--- Provided data Enclosed Below ---

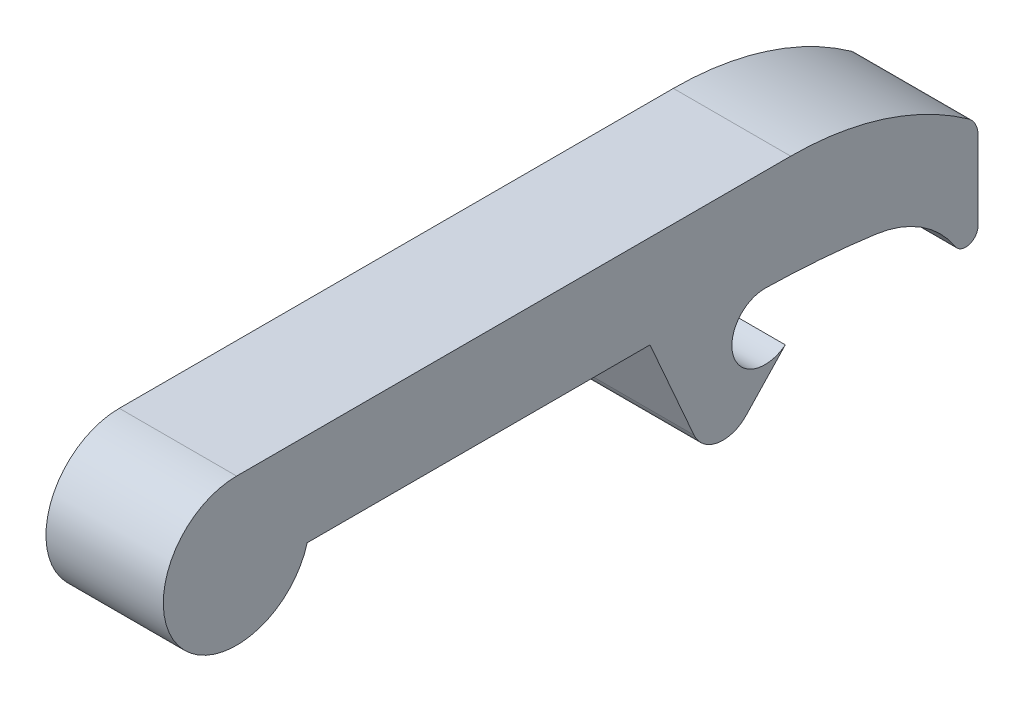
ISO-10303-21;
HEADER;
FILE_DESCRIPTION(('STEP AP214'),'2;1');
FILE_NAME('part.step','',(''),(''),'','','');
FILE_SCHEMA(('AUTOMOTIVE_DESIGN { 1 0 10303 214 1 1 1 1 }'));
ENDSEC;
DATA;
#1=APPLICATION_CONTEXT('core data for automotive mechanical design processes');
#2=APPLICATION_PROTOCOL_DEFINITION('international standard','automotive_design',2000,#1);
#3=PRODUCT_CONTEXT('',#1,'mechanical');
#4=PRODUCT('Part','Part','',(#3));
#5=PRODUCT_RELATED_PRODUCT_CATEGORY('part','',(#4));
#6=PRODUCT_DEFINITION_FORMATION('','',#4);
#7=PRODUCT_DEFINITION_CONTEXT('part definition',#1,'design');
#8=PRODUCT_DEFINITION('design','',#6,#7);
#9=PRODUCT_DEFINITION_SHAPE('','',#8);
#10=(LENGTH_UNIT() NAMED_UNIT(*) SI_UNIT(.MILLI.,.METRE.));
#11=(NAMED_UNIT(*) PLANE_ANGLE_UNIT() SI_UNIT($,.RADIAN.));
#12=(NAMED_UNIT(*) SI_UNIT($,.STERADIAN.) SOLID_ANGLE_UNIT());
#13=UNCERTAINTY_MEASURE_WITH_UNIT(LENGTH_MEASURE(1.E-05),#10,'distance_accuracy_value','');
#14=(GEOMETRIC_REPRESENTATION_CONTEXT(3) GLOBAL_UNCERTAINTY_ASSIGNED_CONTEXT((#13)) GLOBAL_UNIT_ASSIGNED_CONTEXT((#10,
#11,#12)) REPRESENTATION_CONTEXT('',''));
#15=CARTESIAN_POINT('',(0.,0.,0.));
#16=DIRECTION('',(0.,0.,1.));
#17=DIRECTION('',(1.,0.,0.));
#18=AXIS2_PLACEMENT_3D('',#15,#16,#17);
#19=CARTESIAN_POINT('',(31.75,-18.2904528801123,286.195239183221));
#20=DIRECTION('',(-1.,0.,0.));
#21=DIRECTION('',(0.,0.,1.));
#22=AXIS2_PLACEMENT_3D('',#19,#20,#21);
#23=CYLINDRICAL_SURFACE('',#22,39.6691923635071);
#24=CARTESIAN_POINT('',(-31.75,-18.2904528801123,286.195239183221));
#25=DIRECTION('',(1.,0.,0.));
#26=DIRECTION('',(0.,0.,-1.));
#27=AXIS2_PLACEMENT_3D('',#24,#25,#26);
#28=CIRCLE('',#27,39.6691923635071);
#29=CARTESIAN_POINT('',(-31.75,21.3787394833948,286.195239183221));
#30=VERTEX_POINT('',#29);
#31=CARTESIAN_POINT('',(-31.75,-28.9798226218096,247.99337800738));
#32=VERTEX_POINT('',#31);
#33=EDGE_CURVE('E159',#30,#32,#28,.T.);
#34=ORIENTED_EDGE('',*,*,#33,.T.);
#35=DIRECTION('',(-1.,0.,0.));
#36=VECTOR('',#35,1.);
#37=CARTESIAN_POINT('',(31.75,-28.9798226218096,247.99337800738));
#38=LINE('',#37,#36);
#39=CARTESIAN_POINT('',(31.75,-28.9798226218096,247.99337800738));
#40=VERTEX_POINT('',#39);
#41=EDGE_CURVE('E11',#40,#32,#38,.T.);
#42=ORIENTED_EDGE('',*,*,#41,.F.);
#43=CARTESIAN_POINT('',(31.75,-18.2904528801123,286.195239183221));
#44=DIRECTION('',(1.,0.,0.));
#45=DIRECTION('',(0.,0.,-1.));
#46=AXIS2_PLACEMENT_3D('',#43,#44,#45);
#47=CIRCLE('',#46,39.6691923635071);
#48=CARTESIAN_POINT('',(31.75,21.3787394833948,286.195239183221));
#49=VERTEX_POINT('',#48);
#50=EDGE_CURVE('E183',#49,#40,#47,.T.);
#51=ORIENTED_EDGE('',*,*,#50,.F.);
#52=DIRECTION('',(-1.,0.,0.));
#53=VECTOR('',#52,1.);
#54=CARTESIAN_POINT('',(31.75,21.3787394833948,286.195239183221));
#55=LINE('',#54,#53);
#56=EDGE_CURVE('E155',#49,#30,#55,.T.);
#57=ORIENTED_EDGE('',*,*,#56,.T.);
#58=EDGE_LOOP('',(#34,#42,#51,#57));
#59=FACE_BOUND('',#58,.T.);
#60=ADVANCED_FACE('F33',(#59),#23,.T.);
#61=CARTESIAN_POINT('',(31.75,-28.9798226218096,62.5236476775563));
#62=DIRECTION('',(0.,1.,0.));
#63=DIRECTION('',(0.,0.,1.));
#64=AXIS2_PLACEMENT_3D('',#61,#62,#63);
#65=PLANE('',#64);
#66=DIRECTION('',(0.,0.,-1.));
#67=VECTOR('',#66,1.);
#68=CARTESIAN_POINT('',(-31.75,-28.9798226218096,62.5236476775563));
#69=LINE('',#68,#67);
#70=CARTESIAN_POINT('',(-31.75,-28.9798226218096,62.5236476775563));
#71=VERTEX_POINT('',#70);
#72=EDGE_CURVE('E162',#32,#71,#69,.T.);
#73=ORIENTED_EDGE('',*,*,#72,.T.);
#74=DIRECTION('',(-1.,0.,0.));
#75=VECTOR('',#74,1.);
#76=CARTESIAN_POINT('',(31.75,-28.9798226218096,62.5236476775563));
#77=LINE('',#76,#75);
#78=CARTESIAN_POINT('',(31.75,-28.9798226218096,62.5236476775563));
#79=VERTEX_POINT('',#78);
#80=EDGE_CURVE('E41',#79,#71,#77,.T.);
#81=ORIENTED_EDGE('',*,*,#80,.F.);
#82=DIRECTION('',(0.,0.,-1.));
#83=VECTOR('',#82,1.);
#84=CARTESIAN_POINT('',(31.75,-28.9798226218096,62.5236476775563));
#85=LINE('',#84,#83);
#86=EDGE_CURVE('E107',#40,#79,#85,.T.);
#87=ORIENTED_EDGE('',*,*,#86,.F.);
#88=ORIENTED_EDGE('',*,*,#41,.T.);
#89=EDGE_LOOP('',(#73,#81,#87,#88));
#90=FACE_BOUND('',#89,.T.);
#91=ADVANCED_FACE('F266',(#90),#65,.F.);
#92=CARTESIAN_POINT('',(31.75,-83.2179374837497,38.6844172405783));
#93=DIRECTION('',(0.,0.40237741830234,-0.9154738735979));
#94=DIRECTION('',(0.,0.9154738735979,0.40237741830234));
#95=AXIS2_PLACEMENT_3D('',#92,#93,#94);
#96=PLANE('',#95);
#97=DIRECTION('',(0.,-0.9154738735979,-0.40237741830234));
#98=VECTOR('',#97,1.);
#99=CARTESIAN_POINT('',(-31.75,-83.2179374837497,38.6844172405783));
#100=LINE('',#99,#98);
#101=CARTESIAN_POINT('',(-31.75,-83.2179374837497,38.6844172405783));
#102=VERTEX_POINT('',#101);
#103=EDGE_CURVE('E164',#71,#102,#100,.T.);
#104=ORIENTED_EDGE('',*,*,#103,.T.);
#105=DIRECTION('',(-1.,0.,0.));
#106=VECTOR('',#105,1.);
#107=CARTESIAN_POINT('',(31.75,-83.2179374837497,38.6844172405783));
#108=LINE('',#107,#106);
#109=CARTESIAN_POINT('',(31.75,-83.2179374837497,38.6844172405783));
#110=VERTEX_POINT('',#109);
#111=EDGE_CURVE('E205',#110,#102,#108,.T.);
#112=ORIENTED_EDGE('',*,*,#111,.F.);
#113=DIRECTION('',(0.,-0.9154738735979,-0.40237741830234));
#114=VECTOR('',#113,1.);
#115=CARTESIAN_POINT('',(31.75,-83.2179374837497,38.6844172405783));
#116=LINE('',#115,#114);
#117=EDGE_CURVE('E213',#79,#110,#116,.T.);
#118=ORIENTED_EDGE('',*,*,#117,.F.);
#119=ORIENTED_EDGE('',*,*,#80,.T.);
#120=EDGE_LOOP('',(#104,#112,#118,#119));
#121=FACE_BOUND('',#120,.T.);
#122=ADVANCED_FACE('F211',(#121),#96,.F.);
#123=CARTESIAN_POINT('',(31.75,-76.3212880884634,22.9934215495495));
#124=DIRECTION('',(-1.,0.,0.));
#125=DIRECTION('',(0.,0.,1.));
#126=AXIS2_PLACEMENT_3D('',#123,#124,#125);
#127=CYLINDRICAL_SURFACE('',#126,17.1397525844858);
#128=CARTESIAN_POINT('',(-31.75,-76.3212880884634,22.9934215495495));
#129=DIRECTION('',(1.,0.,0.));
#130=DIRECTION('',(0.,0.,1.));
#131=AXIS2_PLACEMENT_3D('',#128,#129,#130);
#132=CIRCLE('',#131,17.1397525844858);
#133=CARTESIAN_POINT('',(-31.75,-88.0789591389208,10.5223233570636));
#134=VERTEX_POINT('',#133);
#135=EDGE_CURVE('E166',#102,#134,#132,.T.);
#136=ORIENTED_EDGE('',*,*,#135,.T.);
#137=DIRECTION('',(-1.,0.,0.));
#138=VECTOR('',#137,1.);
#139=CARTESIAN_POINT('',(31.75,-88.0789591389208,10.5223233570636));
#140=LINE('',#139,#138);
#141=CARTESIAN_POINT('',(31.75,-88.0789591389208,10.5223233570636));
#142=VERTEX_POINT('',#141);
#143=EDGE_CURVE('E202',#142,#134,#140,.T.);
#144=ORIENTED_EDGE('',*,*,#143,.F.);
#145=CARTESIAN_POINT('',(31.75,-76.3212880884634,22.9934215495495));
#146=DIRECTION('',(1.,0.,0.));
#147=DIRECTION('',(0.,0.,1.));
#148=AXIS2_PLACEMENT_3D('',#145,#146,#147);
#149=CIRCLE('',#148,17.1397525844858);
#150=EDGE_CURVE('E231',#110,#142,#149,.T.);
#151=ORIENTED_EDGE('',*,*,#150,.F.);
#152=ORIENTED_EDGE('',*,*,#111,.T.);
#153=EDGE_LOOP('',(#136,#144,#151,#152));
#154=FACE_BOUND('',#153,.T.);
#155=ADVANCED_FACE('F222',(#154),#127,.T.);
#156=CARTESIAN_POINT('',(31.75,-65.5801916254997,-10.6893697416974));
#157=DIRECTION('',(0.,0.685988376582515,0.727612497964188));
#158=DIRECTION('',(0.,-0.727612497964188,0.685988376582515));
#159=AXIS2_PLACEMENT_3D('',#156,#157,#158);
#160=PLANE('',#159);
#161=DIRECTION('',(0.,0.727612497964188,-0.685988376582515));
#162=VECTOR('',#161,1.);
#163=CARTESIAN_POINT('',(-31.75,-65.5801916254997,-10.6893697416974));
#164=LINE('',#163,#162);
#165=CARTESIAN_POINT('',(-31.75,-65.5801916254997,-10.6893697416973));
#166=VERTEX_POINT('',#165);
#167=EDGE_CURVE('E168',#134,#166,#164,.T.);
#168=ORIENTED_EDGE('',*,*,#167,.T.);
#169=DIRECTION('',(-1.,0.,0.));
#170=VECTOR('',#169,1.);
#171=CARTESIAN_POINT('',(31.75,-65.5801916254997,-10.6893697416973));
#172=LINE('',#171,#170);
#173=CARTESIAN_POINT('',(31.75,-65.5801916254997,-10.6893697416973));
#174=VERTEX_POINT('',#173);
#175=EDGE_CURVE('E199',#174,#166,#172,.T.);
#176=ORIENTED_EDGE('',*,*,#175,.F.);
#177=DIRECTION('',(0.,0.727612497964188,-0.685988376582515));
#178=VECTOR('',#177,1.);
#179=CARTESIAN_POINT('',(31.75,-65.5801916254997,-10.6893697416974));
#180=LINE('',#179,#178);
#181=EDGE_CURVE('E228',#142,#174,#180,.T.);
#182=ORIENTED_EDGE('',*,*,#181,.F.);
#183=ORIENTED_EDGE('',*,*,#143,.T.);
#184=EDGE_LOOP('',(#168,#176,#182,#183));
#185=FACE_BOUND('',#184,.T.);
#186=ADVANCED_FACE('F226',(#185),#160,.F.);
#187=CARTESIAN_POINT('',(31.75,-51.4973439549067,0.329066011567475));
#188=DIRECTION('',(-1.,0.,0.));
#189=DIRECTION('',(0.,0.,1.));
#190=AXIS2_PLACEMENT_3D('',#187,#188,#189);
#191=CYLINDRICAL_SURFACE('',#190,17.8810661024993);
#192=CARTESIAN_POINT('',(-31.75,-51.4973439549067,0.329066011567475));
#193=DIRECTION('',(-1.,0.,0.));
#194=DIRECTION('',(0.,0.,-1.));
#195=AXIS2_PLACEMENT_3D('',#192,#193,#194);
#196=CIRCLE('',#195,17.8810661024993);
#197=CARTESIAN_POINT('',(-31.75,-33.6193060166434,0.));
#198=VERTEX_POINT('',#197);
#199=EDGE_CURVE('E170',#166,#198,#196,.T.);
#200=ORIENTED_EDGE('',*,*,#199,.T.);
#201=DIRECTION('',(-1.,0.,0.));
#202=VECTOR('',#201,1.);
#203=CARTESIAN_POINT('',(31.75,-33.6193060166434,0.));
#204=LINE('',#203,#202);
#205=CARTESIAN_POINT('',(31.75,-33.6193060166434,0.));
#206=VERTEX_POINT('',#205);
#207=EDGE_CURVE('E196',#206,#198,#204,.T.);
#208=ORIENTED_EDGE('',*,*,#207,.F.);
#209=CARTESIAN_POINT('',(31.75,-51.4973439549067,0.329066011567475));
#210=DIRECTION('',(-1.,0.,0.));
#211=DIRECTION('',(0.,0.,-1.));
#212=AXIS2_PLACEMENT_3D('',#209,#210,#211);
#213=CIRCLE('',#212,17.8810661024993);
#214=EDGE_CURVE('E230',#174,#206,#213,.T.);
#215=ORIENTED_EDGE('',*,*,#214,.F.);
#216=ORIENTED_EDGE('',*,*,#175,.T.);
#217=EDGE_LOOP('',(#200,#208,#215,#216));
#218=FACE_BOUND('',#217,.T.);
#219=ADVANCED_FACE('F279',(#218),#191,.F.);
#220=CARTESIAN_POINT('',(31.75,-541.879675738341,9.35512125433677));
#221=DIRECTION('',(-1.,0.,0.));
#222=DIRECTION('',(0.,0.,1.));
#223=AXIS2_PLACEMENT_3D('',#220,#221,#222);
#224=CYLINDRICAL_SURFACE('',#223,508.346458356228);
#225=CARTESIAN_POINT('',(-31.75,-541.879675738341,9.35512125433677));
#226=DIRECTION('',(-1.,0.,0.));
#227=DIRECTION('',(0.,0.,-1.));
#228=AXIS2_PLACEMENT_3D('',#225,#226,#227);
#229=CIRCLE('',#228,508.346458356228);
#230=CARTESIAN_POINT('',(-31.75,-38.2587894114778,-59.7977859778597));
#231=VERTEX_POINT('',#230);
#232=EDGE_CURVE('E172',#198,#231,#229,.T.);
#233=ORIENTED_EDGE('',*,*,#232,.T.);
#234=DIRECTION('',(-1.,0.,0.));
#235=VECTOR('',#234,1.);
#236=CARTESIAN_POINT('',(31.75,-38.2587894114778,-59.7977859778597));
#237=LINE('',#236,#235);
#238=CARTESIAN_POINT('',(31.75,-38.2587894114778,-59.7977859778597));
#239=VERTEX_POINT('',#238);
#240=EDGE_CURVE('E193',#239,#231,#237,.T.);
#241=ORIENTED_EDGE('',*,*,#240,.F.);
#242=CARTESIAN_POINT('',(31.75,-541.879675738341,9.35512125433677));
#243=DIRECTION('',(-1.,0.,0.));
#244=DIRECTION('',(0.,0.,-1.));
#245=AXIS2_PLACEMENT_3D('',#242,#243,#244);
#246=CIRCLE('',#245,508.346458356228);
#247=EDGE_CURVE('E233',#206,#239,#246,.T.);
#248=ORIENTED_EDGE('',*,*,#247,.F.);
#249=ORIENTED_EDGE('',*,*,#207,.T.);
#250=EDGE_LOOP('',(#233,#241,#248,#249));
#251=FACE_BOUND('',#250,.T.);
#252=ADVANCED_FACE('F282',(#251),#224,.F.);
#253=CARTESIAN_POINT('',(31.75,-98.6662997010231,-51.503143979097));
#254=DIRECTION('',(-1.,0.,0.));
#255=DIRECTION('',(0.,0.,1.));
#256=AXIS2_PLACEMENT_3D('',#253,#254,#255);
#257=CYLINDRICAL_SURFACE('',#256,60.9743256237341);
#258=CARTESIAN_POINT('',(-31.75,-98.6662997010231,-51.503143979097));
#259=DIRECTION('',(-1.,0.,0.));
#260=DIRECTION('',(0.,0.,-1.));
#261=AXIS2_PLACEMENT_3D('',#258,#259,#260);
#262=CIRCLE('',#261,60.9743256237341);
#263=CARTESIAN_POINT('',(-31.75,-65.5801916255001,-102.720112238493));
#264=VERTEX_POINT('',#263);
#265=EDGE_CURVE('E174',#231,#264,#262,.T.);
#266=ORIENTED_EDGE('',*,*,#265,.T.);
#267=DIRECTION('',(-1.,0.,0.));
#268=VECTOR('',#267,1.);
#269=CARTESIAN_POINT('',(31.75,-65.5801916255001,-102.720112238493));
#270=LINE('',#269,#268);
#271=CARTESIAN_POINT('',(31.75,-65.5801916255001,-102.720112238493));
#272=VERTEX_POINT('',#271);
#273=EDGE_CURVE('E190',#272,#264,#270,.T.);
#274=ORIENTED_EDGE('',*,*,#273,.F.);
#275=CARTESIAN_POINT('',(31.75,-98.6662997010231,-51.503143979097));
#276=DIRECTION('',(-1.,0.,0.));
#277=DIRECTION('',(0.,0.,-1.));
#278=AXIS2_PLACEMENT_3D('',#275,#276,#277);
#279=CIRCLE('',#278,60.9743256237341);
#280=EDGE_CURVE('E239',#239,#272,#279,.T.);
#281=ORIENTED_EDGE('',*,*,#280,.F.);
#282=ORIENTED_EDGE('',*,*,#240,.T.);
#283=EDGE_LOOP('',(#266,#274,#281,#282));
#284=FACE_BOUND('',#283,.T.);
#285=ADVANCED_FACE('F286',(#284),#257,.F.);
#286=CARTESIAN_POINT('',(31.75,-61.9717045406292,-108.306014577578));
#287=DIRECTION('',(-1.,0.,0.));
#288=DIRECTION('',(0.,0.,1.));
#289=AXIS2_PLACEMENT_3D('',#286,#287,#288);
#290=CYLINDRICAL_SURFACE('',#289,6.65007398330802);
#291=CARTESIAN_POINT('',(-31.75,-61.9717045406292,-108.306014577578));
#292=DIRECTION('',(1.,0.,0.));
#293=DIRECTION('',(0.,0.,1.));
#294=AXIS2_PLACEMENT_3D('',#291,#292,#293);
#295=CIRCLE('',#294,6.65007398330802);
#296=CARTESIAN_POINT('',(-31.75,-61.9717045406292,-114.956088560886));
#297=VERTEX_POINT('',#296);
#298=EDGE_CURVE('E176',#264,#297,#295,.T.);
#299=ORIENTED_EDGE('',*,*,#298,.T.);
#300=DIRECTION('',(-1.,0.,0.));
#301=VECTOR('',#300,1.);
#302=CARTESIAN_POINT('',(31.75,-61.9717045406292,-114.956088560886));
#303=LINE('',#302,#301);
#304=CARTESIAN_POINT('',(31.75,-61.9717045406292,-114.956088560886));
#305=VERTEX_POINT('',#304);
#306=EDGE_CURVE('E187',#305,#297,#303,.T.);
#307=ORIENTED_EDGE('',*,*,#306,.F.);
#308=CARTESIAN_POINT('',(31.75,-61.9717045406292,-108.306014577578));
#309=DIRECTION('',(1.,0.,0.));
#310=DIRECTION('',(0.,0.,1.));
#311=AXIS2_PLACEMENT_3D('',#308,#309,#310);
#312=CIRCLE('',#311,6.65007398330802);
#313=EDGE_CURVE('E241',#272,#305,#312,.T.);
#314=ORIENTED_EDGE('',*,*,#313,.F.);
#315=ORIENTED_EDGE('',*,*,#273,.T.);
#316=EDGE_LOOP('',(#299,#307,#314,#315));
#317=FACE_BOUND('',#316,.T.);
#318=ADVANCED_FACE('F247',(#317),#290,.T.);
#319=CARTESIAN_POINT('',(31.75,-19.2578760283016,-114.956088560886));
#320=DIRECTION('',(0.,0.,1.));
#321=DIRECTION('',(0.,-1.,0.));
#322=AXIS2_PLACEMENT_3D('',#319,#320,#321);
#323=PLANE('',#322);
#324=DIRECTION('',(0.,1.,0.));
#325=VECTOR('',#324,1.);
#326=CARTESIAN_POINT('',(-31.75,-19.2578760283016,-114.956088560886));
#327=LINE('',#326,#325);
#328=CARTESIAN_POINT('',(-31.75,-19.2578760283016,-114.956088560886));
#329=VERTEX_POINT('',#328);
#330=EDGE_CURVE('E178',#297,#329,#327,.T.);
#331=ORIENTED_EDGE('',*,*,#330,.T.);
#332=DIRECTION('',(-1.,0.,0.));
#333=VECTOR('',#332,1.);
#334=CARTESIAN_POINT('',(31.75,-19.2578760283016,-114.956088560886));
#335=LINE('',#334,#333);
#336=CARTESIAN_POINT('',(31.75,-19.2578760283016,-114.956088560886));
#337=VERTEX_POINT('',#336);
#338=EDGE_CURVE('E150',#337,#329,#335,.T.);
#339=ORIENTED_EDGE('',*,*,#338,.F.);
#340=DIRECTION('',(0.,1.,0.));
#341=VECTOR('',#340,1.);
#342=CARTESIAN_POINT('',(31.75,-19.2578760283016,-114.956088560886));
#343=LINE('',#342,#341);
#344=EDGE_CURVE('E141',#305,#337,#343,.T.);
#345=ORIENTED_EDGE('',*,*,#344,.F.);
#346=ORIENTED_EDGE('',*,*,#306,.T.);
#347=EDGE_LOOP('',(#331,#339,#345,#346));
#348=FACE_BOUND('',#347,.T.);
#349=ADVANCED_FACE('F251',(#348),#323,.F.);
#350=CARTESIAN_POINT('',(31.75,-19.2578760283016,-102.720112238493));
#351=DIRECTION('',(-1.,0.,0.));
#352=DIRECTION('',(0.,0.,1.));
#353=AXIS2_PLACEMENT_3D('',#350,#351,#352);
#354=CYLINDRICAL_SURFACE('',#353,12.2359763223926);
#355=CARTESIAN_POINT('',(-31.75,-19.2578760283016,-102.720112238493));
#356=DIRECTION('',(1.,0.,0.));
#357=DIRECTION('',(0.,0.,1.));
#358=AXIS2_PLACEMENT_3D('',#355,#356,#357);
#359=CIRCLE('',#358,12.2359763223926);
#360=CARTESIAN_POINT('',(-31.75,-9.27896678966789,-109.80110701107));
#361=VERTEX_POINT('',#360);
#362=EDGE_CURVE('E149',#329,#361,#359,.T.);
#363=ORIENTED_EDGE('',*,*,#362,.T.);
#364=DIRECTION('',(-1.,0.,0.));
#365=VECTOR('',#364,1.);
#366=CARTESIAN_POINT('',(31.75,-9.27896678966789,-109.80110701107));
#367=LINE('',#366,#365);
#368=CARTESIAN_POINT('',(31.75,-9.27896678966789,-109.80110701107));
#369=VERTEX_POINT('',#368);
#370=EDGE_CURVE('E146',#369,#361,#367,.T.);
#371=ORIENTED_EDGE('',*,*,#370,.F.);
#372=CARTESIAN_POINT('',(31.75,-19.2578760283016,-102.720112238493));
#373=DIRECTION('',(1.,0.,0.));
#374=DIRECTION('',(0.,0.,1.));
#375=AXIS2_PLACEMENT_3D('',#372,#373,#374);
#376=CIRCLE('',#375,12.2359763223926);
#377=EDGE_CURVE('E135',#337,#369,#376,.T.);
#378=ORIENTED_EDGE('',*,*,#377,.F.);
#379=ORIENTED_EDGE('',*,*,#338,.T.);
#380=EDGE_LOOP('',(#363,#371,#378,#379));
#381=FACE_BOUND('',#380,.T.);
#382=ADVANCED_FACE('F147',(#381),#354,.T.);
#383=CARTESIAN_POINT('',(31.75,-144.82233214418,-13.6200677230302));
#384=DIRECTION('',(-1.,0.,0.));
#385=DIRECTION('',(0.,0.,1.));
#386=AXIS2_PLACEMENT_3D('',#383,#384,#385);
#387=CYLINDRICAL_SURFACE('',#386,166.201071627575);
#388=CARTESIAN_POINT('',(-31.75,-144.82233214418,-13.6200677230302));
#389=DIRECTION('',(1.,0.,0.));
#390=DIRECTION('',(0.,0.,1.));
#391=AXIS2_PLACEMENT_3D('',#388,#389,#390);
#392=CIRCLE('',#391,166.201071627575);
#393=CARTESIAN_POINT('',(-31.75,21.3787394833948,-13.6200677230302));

--- End of Enclosed Provided data ---

◆ Problem to work on
Your task is to repeat exactly the lines from the beginning of the data to the line that contains "#5=PRODUCT_RELATED_PRODUCT_CATEGORY('part','',(#4));", both ends included, leaving out pictures.

◆ Response area
ISO-10303-21;
HEADER;
FILE_DESCRIPTION(('STEP AP214'),'2;1');
FILE_NAME('part.step','',(''),(''),'','','');
FILE_SCHEMA(('AUTOMOTIVE_DESIGN { 1 0 10303 214 1 1 1 1 }'));
ENDSEC;
DATA;
#1=APPLICATION_CONTEXT('core data for automotive mechanical design processes');
#2=APPLICATION_PROTOCOL_DEFINITION('international standard','automotive_design',2000,#1);
#3=PRODUCT_CONTEXT('',#1,'mechanical');
#4=PRODUCT('Part','Part','',(#3));
#5=PRODUCT_RELATED_PRODUCT_CATEGORY('part','',(#4));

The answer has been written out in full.